WorkType::from_name() accepts PascalCase names matching the enum variants (e.g. "SpinWait", "FutexPingPong"). Sequence and Custom return None because they require explicit construction parameters. WorkType::ALL_NAMES lists every variant name. WorkType::name() returns the PascalCase name for a given value; for Custom, it returns the user-provided name field.

WorkloadConfig

WorkloadConfig is the low-level struct passed to WorkloadHandle::spawn(). CgroupDef builds one internally; use WorkloadConfig directly when calling setup_cgroups() or WorkloadHandle::spawn() in custom scenarios.

pub struct WorkloadConfig {
    pub num_workers: usize,           // Number of worker processes to fork
    pub affinity: AffinityIntent,     // Per-worker affinity intent (resolved at spawn time)
    pub work_type: WorkType,          // What each worker does
    pub sched_policy: SchedPolicy,    // Linux scheduling policy
    pub mem_policy: MemPolicy,        // NUMA memory placement policy
    pub mpol_flags: MpolFlags,        // Optional mode flags for set_mempolicy(2)
    pub nice: Option<i32>,            // Per-worker nice via setpriority(2); None inherits
    pub clone_mode: CloneMode,        // Fork (default) or Thread dispatch
    pub comm: Option<Cow<'static, str>>, // task->comm via prctl(PR_SET_NAME); kernel truncates to 15 bytes
    pub uid: Option<u32>,             // Effective UID via setresuid; None inherits
    pub gid: Option<u32>,             // Effective GID via setresgid; None inherits
    pub numa_node: Option<u32>,       // Restrict affinity to one NUMA node's CPU set
    pub composed: Vec<WorkSpec>,      // Secondary worker groups spawned alongside the primary
}

Default: 1 worker, AffinityIntent::Inherit, SpinWait, Normal policy, Default mem_policy, no mpol_flags, nice/comm/uid/gid/numa_node = None, clone_mode = Fork, composed = empty.

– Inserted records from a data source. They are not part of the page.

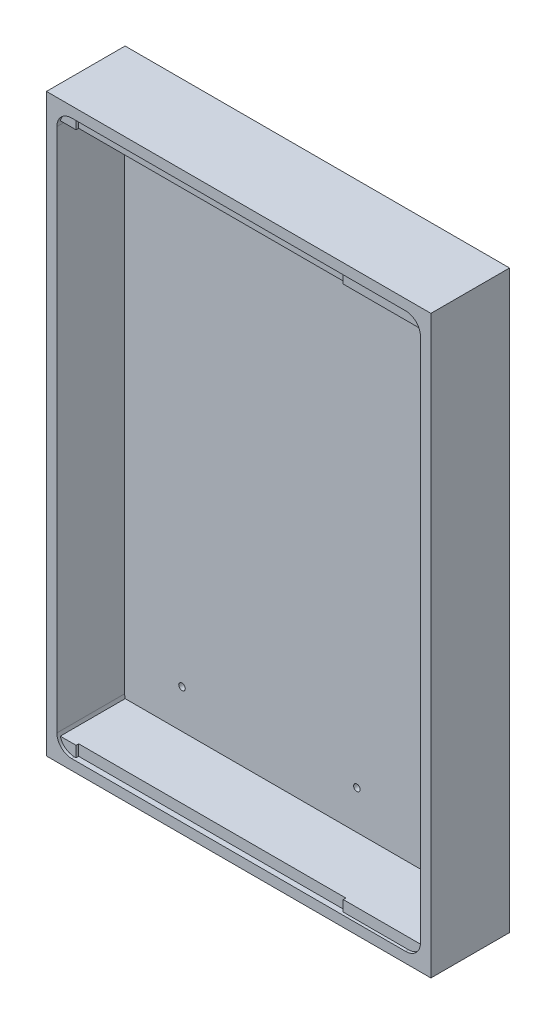
SolidWorks part; units mm, degrees
ref_plane "Front Plane" through (0, 0, 0) normal (0, 0, 1) x (1, 0, 0)
ref_plane "Top Plane" through (0, 0, 0) normal (0, 1, 0) x (1, 0, 0)
ref_plane "Right Plane" through (0, 0, 0) normal (1, 0, 0) x (0, 0, -1)
sketch "Sketch1" plane through (0, 0, 0) normal (0, 0, 1) x (1, 0, 0)
  line L1 (-88.5, -132.5) -> (88.5, -132.5)
  line L2 (-88.5, -132.5) -> (-88.5, 132.5)
  line L3 (-88.5, 132.5) -> (88.5, 132.5)
  line L4 (88.5, -132.5) -> (88.5, 132.5)
  line L5 (-88.5, -132.5) -> (88.5, 132.5) construction
  line L6 (-88.5, 132.5) -> (88.5, -132.5) construction
  circle A0 centre (-57.3, -104.9) radius 1.5 construction
  circle A1 centre (23.21, -104.9) radius 1.5 construction
  circle A2 centre (23.21, 104.9) radius 1.5 construction
  circle A3 centre (-57.3, 104.9) radius 1.5 construction
  circle A4 centre (-57.3, -104.9) radius 1.5
  circle A5 centre (23.21, -104.9) radius 1.5
  circle A6 centre (23.21, 104.9) radius 1.5
  circle A7 centre (-57.3, 104.9) radius 1.5
  point P0 (0, 0)
  dimension "D1" = 177
  dimension "D2" = 265
extrude "Boss-Extrude1" add sketch "Sketch1" along normal blind 5
sketch "Sketch2" plane through (0, 0, 5) normal (0, 0, 1) x (1, 0, 0)
  line L0 (83.7, -127.7) -> (83.7, 127.7)
  line L1 (83.7, 127.7) -> (-83.7, 127.7)
  line L2 (-83.7, 127.7) -> (-83.7, -127.7)
  line L3 (-83.7, -127.7) -> (83.7, -127.7)
  line L4 (88.5, -132.5) -> (88.5, 132.5)
  line L5 (88.5, 132.5) -> (-88.5, 132.5)
  line L6 (-88.5, 132.5) -> (-88.5, -132.5)
  line L7 (-88.5, -132.5) -> (88.5, -132.5)
  line L8 (88.5, -132.5) -> (88.5, 132.5)
  line L9 (88.5, 132.5) -> (-88.5, 132.5)
  line L10 (-88.5, 132.5) -> (-88.5, -132.5)
  line L11 (-88.5, -132.5) -> (88.5, -132.5)
  dimension "D1" = 0
  dimension "D2" = 4.8
extrude "Boss-Extrude2" add sketch "Sketch2" along normal blind 31.2
fillet "Fillet1" radius 6.82 4 edges at (83.7, 127.7, 20.6) (83.7, -127.7, 20.6) (-83.7, -127.7, 20.6) (-83.7, 127.7, 20.6)
sketch "Sketch4" plane through (0, 0, 5) normal (0, 0, 1) x (1, 0, 0)
  line L0 (-83.7, 122.7) -> (83.7, 122.7)
  line L1 (-83.7, -122.7) -> (83.7, -122.7)
  line L4 (83.7, -120.88) -> (83.7, 120.88)
  line L5 (76.88, 127.7) -> (-76.88, 127.7)
  line L6 (-83.7, 120.88) -> (-83.7, -120.88)
  line L7 (-76.88, -127.7) -> (76.88, -127.7)
  line L8 (83.7, -120.88) -> (83.7, 120.88)
  line L9 (76.88, 127.7) -> (-76.88, 127.7)
  line L10 (-83.7, 120.88) -> (-83.7, -120.88)
  line L11 (-76.88, -127.7) -> (76.88, -127.7)
  arc A4 (83.7, 120.88) -> (76.88, 127.7) centre (76.88, 120.88) ccw
  arc A5 (-76.88, 127.7) -> (-83.7, 120.88) centre (-76.88, 120.88) ccw
  arc A6 (-83.7, -120.88) -> (-76.88, -127.7) centre (-76.88, -120.88) ccw
  arc A7 (76.88, -127.7) -> (83.7, -120.88) centre (76.88, -120.88) ccw
  arc A8 (83.7, 120.88) -> (76.88, 127.7) centre (76.88, 120.88) ccw
  arc A9 (-76.88, 127.7) -> (-83.7, 120.88) centre (-76.88, 120.88) ccw
  arc A10 (-83.7, -120.88) -> (-76.88, -127.7) centre (-76.88, -120.88) ccw
  arc A11 (76.88, -127.7) -> (83.7, -120.88) centre (76.88, -120.88) ccw
  arc M12 (83.7, 120.88) -> (76.88, 127.7) centre (76.88, 120.88) ccw
  line M13 (76.88, 127.7) -> (-76.88, 127.7)
  arc M14 (-76.88, 127.7) -> (-83.7, 120.88) centre (-76.88, 120.88) ccw
  arc M16 (-83.7, -120.88) -> (-76.88, -127.7) centre (-76.88, -120.88) ccw
  line M17 (-76.88, -127.7) -> (76.88, -127.7)
  arc M18 (76.88, -127.7) -> (83.7, -120.88) centre (76.88, -120.88) ccw
  dimension "D2" = 5
  dimension "D3" = 5
  dimension "D1" = 0
extrude "Boss-Extrude3" add sketch "Sketch4" along normal offset from surface (29.9 mm away) 1.3 contours L1 M16 M17 M18 | L0 M14 M12 M13 region at (0, 125.1751, 5) region at (0, -125.1751, 5) up to face at (0, 0, 36.2)
sketch "Sketch5" plane through (0, 0, 34.9) normal (0, 0, 1) x (1, 0, 0)
  line L0 (83.4527, -122.7) -> (-83.4527, -122.7) construction
  line L1 (-76.88, -127.7) -> (76.88, -127.7) construction
  line L2 (76.88, 127.7) -> (-76.88, 127.7) construction
  line L3 (-83.4527, 122.7) -> (83.4527, 122.7) construction
  line L4 (83.4527, -122.7) -> (-83.4527, -122.7)
  line L5 (-76.88, -127.7) -> (76.88, -127.7)
  line L6 (76.88, 127.7) -> (-76.88, 127.7)
  line L7 (-83.4527, 122.7) -> (83.4527, 122.7)
  line L9 (-76.16, 127.7) -> (46.84, 127.7)
  line L10 (-76.16, 127.7) -> (-76.16, -127.7)
  line L11 (-76.16, -127.7) -> (46.84, -127.7)
  line L12 (46.84, 127.7) -> (46.84, -127.7)
  line L13 (-83.7, 120.88) -> (-83.7, -120.88) construction
  arc A0 (-83.4527, -122.7) -> (-76.88, -127.7) centre (-76.88, -120.88) ccw construction
  arc A1 (76.88, -127.7) -> (83.4527, -122.7) centre (76.88, -120.88) ccw construction
  arc A2 (-76.88, 127.7) -> (-83.4527, 122.7) centre (-76.88, 120.88) ccw construction
  arc A3 (83.4527, 122.7) -> (76.88, 127.7) centre (76.88, 120.88) ccw construction
  arc A4 (-83.4527, -122.7) -> (-76.88, -127.7) centre (-76.88, -120.88) ccw
  arc A5 (76.88, -127.7) -> (83.4527, -122.7) centre (76.88, -120.88) ccw
  arc A6 (-76.88, 127.7) -> (-83.4527, 122.7) centre (-76.88, 120.88) ccw
  arc A7 (83.4527, 122.7) -> (76.88, 127.7) centre (76.88, 120.88) ccw
  dimension "D1" = 7.54
  dimension "D2" = 123
extrude "Cut-Extrude1" cut sketch "Sketch5" against normal blind 1.2 contours L12 L4 L10 L5 | L12 L6 L10 L7 region at (-14.66, -125.2, 34.9) region at (-14.66, 125.2, 34.9)

AffinityIntent is the type-unified affinity expression used at the top level and inside WorkSpec entries — Inherit, Exact(...), and RandomSubset(...) are accepted at WorkloadHandle::spawn; topology-aware variants (SingleCpu, LlcAligned, CrossCgroup, SmtSiblingPair) require scenario context and are rejected at the spawn gate with an actionable diagnostic. composed carries secondary WorkSpec groups that spawn alongside the primary; each composed entry can override work_type, num_workers, sched_policy, affinity, etc., and reports back via WorkerReport::group_idx (0 for the primary, 1..=N for composed entries in declaration order).

See MemPolicy for the NUMA memory placement API.

Scheduling policies

Workers can run under different Linux scheduling policies:

pub enum SchedPolicy {
    Normal,
    Batch,
    Idle,
    Fifo(u32),       // priority 1-99
    RoundRobin(u32), // priority 1-99
    Deadline {
        runtime: Duration,   // budget per period
        deadline: Duration,  // relative deadline from period start
        period: Duration,    // period; Duration::ZERO uses `deadline`
    },
}

Fifo, RoundRobin, and Deadline require CAP_SYS_NICE. The sched-deadline gate (runtime <= deadline <= period, all non-zero unless period == Duration::ZERO, which the kernel substitutes with deadline) is validated user-side in SchedPolicy::deadline() before sched_setattr so a malformed Deadline fails fast rather than tunneling EINVAL through the syscall.

Overriding work types

The work type override (configured via gauntlet or Ctx.work_type_override) replaces the default SpinWait work type for all scenarios that use it. Scenarios with non-SpinWait work types are not overridden.

Overrides to grouped work types (PipeIo, FutexPingPong, CachePipe, FutexFanOut, FanOutCompute, MutexContention) are skipped when num_workers is not divisible by the work type’s group size.

Ops-based scenarios have a separate override mechanism via CgroupDef.swappable. See Ops and Steps.